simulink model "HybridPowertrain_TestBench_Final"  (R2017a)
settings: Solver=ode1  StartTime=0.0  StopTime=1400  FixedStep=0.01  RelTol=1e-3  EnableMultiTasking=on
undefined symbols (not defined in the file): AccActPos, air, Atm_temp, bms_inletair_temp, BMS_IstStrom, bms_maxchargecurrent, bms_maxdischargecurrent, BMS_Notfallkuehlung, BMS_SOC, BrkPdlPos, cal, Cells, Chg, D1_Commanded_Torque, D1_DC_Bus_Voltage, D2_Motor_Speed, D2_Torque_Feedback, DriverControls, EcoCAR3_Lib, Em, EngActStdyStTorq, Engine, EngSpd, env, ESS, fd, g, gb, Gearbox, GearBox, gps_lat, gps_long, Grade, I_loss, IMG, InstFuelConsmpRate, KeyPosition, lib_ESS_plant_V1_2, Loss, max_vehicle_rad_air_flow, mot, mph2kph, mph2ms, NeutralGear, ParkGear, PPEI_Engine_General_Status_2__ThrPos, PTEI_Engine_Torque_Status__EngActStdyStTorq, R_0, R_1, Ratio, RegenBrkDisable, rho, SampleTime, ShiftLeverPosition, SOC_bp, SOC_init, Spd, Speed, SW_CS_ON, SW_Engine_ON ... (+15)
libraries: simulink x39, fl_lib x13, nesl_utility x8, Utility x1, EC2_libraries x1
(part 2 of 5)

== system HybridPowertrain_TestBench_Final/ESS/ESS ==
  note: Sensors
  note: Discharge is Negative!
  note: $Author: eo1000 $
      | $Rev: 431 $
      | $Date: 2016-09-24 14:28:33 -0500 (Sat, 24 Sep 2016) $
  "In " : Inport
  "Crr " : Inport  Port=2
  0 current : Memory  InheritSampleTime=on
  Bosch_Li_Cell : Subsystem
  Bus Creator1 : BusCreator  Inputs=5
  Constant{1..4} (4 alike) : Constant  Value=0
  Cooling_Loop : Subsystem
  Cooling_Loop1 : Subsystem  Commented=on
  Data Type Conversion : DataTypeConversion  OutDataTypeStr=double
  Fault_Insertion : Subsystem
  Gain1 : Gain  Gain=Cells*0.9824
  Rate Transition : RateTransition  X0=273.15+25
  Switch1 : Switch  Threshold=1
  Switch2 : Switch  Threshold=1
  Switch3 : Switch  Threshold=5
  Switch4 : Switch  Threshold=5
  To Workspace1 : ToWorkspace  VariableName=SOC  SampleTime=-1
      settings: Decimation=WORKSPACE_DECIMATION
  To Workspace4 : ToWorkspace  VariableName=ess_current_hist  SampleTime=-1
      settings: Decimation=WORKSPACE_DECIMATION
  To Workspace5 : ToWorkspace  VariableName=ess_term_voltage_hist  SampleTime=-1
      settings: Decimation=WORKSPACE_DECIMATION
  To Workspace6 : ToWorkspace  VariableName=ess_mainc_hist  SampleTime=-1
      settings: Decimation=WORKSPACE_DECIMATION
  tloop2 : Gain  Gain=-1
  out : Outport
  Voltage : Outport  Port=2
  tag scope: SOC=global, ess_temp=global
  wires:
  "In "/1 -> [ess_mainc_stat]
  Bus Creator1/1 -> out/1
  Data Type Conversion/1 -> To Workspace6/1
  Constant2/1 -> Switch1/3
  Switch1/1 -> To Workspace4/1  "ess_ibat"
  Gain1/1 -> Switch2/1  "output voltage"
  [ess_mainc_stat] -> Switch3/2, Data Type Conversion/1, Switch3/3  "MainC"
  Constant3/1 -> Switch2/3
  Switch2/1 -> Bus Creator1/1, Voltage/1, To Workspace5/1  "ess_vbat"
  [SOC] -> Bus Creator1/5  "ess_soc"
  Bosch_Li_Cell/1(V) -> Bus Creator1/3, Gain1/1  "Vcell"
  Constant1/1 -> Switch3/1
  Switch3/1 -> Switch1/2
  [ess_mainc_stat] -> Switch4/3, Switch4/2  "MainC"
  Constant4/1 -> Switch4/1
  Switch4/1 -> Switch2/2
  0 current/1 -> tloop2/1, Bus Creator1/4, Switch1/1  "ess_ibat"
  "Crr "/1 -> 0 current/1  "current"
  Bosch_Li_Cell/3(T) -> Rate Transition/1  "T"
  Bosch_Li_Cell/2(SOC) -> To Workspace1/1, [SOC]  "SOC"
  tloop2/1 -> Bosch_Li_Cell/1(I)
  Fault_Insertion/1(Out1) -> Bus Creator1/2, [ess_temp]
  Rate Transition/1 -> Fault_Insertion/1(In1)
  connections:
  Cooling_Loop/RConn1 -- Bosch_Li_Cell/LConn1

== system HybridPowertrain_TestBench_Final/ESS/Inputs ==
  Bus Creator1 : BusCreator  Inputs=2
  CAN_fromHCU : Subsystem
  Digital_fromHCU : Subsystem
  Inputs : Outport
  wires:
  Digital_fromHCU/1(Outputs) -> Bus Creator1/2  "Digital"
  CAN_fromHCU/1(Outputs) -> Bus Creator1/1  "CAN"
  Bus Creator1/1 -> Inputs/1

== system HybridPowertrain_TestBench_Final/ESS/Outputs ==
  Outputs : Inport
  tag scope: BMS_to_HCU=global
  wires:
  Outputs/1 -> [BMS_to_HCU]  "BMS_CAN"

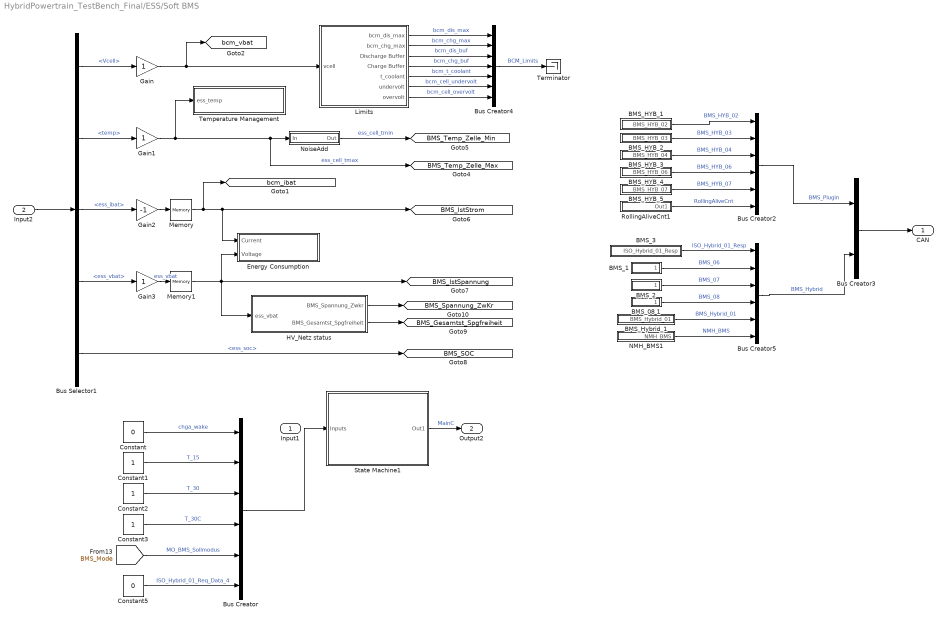
== system HybridPowertrain_TestBench_Final/ESS/Soft BMS ==
  Input1 : Inport
  Input2 : Inport  Port=2
  BMS_08 1 : Subsystem
  BMS_1 : Subsystem
  BMS_2 : Subsystem
  BMS_3 : Subsystem
  BMS_HYB_1 : Subsystem
  BMS_HYB_2 : Subsystem
  BMS_HYB_3 : Subsystem
  BMS_HYB_4 : Subsystem
  BMS_HYB_5 : Subsystem
  BMS_Hybrid_1 : Subsystem
  Bus Creator : BusCreator  Inputs=6
  Bus Creator2 : BusCreator  Inputs=6
  Bus Creator3 : BusCreator  Inputs=2
  Bus Creator4 : BusCreator  Inputs=7
  Bus Creator5 : BusCreator  Inputs=6
  Bus Selector1 : BusSelector  OutputSignals=Vcell,temp,ess_ibat,ess_vbat,ess_soc
  Constant : Constant  Value=0
  Constant1 : Constant
  Constant2 : Constant
  Constant3 : Constant
  Constant5 : Constant  Value=0
  Energy Consumption : Subsystem
  Gain : Gain
  Gain1 : Gain
  Gain2 : Gain  Gain=-1
  Gain3 : Gain
  HV_Netz status : Subsystem
  Limits : Subsystem
  Memory : Memory
  Memory1 : Memory
  NMH_BMS1 : Subsystem
  NoiseAdd : Subsystem
  RollingAliveCnt1 : Subsystem
  State Machine1 : Subsystem
  Temperature Management : Subsystem
  Terminator : Terminator
  CAN : Outport
  Output2 : Outport  Port=2
  tag scope: BMS_Gesamtst_Spgfreiheit=global, BMS_IstSpannung=global, BMS_IstStrom=global, BMS_SOC=global, BMS_Spannung_ZwKr=global, BMS_Temp_Zelle_Max=global, BMS_Temp_Zelle_Min=global, bcm_ibat=global, bcm_vbat=global
  wires:
  State Machine1/1(Out1) -> Output2/1  "MainC"
  Gain3/1 -> Memory1/1  "ess_vbat"
  Gain2/1 -> Memory/1
  Gain/1 -> [bcm_vbat], Limits/1(vcell)
  Bus Creator/1 -> State Machine1/1(Inputs)
  Input2/1 -> Bus Selector1/1
  Bus Selector1/3 -> Gain2/1  "<ess_ibat>"
  NoiseAdd/1(Out) -> [BMS_Temp_Zelle_Min]  "ess_cell_tmin"
  Bus Selector1/1 -> Gain/1  "<Vcell>"
  Bus Selector1/2 -> Gain1/1  "<temp>"
  Gain1/1 -> Temperature Management/1(ess_temp), NoiseAdd/1(In), [BMS_Temp_Zelle_Max]  "ess_cell_tmax"
  Limits/1(bcm_dis_max) -> Bus Creator4/1  "bcm_dis_max"
  Limits/3(Discharge Buffer) -> Bus Creator4/3  "bcm_dis_buf"
  Limits/4(Charge Buffer) -> Bus Creator4/4  "bcm_chg_buf"
  Limits/5(t_coolant) -> Bus Creator4/5  "bcm_t_coolant"
  Limits/2(bcm_chg_max) -> Bus Creator4/2  "bcm_chg_max"
  Bus Creator4/1 -> Terminator/1  "BCM_Limits"
  Bus Selector1/5 -> [BMS_SOC]  "<ess_soc>"
  Bus Selector1/4 -> Gain3/1  "<ess_vbat>"
  Limits/6(undervolt) -> Bus Creator4/6  "bcm_cell_undervolt"
  Limits/7(overvolt) -> Bus Creator4/7  "bcm_cell_overvolt"
  Bus Creator3/1 -> CAN/1
  HV_Netz status/1(BMS_Spannung_Zwkr) -> [BMS_Spannung_ZwKr]
  HV_Netz status/2(BMS_Gesamtst_Spgfreiheit) -> [BMS_Gesamtst_Spgfreiheit]
  Memory/1 -> [bcm_ibat], Energy Consumption/1(Current), [BMS_IstStrom]
  Memory1/1 -> [BMS_IstSpannung], HV_Netz status/1(ess_vbat), Energy Consumption/2(Voltage)
  NMH_BMS1/1(NMH_BMS) -> Bus Creator5/6  "NMH_BMS"
  BMS_HYB_2/1(BMS_HYB_03) -> Bus Creator2/2  "BMS_HYB_03"
  BMS_HYB_5/1(BMS_HYB_07) -> Bus Creator2/5  "BMS_HYB_07"
  BMS_Hybrid_1/1(BMS_Hybrid_01) -> Bus Creator5/5  "BMS_Hybrid_01"
  BMS_2/1(BMS_07) -> Bus Creator5/3  "BMS_07"
  BMS_HYB_3/1(BMS_HYB_04) -> Bus Creator2/3  "BMS_HYB_04"
  BMS_HYB_1/1(BMS_HYB_02) -> Bus Creator2/1  "BMS_HYB_02"
  BMS_HYB_4/1(BMS_HYB_06) -> Bus Creator2/4  "BMS_HYB_06"
  BMS_1/1(BMS_06) -> Bus Creator5/2  "BMS_06"
  BMS_08 1/1(BMS_08) -> Bus Creator5/4  "BMS_08"
  Bus Creator5/1 -> Bus Creator3/2  "BMS_Hybrid"
  Bus Creator2/1 -> Bus Creator3/1  "BMS_Plugin"
  BMS_3/1(ISO_Hybrid_01_Resp) -> Bus Creator5/1  "ISO_Hybrid_01_Resp"
  RollingAliveCnt1/1(Out1) -> Bus Creator2/6  "RollingAliveCnt"
  Constant/1 -> Bus Creator/1  "chga_wake"
  Constant1/1 -> Bus Creator/2  "T_15"
  Constant3/1 -> Bus Creator/4  "T_30C"
  Constant2/1 -> Bus Creator/3  "T_30"
  [BMS_Mode] -> Bus Creator/5  "MO_BMS_Sollmodus"
  Constant5/1 -> Bus Creator/6  "ISO_Hybrid_01_Req_Data_4"

== system HybridPowertrain_TestBench_Final/ICE Simple/Engine Plant Modified ==
  "In " : Inport
  eng_spd_out : Inport  Port=2
  Core Engine : Subsystem
      mask Display: image(imread('EngineShortBlock.jpg'),'center')
  ECU Actuators : Subsystem
  ECU Sensors : Subsystem
  Fuel Supply : Subsystem
      mask Display: image(imread('FuelTank.jpg'),'center')
  Radiator : Subsystem  Commented=on  AncestorBlock=lib_Vehicle/Vehicle_Plant_Model/Radiator
  Out : Outport
  eng_shaft_out : Outport  Port=2
  tag scope: EngCrankCmd=global, EngRunAtv=global, EngShutdown=global, Eng_Fan=global, Eng_Temp=global, FuelPumpEnable=global, ThrPstCmd_pct=global, VehSpdAvgDrvn_Eng=global
  wires:
  ECU Actuators/5(Out5) -> [EngShutdown]
  [FuelLevelPct] -> ECU Sensors/4(In4)  "FuelLevelPct"
  [EmsHC] -> ECU Sensors/6(In6)  "HC_g/s"
  [EngPe] -> ECU Sensors/5(In5)  "PE_0_1"
  [EmsCO] -> ECU Sensors/7(In7)  "CO_g/s"
  [EmsCO2] -> ECU Sensors/8(In8)  "CO2_g/s"
  [EmsNOx] -> ECU Sensors/9(In9)  "NOx_g/s"
  Fuel Supply/1(Available Fuel) -> Core Engine/2(Available Fuel)
  ECU Actuators/4(Out4) -> [FuelPumpEnable]
  ECU Actuators/1(Out1) -> [ThrPstCmd_pct]
  "In "/1 -> ECU Actuators/1(In1)
  [EngBrkTrq] -> ECU Sensors/1(In1)  "EngActStdyStTorq_Nm"
  [AdvFuelFlowEst] -> ECU Sensors/3(In3)  "EngFuelFlow_g/s"
  [EngSpd_RPM] -> ECU Sensors/2(In2)  "EngSpd_RPM"
  ECU Actuators/2(Out2) -> [EngCrankCmd]
  ECU Actuators/3(Out3) -> [EngRunAtv]
  Core Engine/1(eng_shaft_out) -> eng_shaft_out/1
  eng_spd_out/1 -> Core Engine/1(Engine Speed (rad/s))
  [EngTemp] -> ECU Sensors/10(In10)  "Eng_Temp"
  [Eng_Fan] -> Radiator/2(Fans)
  [Eng_Temp] -> Radiator/1(EngCltTmp)
  ECU Actuators/6(Out6) -> [Eng_Temp]
  ECU Actuators/7(Out7) -> [Eng_Fan]
  ECU Actuators/8(Out8) -> [VehSpdAvgDrvn_Eng]
  ECU Sensors/1(Out1) -> Out/1

== system HybridPowertrain_TestBench_Final/ICE Simple/Inputs ==
  Analog : Subsystem
  Bus Creator : BusCreator  Inputs=2
  CAN_from_HCU : Subsystem
  Inputs : Outport
  wires:
  CAN_from_HCU/1(Out1) -> Bus Creator/1  "CAN"
  Analog/1(Out1) -> Bus Creator/2  "Analog"
  Bus Creator/1 -> Inputs/1

== system HybridPowertrain_TestBench_Final/ICE Simple/Soft ECM ==
  note: Should check lookup table with GM
  In : Inport
  In1 : Inport  Port=2
  Bus Creator1 : BusCreator  Inputs=3
  Bus Creator2 : BusCreator  Inputs=9
  Bus Selector : BusSelector  OutputSignals=EngSpd_RPM
  Bus Selector1 : BusSelector  Commented=on  OutputSignals=Analog.EngAppReq,CAN.to EBCAN.ISO_Hybrid_01_Req.ISO_Hybrid_01_Req_Data_4,CAN.to EBCAN.PPEI_Trans_General_Status_2.TrnsShftLvrPos
  Bus Selector2 : BusSelector  OutputSignals=Eng_Temp,EngFuelFlow_g/s
  Bus Selector3 : BusSelector  OutputSignals=drv_APP1,KeyPos,ShiftLvrPos
  Data Type Conversion : DataTypeConversion  OutDataTypeStr=int8
  Data Type Conversion1 : DataTypeConversion  OutDataTypeStr=int8
  ECM_RollingAliveCnt : Subsystem
  Fuel Consumption : Subsystem
  Logic : Stateflow chart  TreatAsAtomicUnit=on
  Memory1 : Memory  X0=Engine.Init_T_amb
  Memory2 : Memory  InheritSampleTime=on
  temp vs fan : Lookup_n-D  NumberOfTableDimensions=1  BreakpointsForDimension1=[0:1:100]  Table=[0:0.01:1]  InternalRulePriority=Speed  RndMeth=Simplest  InputSameDT=on
  Out : Outport
  Out1 : Outport  Port=2
  wires:
  Logic/3(EngRunAtv) -> Bus Creator2/3  "EngRunAtv"
  Bus Selector/1 -> Logic/4(EngSpd_RPM)  "<EngSpd_RPM>"
  Bus Selector3/1 -> Memory2/1  "<drv_APP1>"
  Logic/2(EngCrankCmd) -> Bus Creator2/2  "Eng12vStrtrMtrCmmdOn"
  Bus Creator1/1 -> Out/1  "ECM_CAN"
  Bus Creator2/1 -> Out1/1, Bus Creator1/1  "ECM_to_Actuators"
  Logic/1(ThrottleCmd) -> Bus Creator2/1  "ThrPosCmd_%"
  In1/1 -> Bus Selector2/1, Bus Creator1/3, Bus Selector/1  "Sensors_to_ECM"
  In/1 -> Bus Selector1/1  "HCU_to_ECM"
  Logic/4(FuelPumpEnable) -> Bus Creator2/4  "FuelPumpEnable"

※ ※ ※

**Exercise requirements:** Search the entries for the word "image" and show every line that has it.

**Response below:**
      mask Display: image(imread('EngineShortBlock.jpg'),'center')
      mask Display: image(imread('FuelTank.jpg'),'center')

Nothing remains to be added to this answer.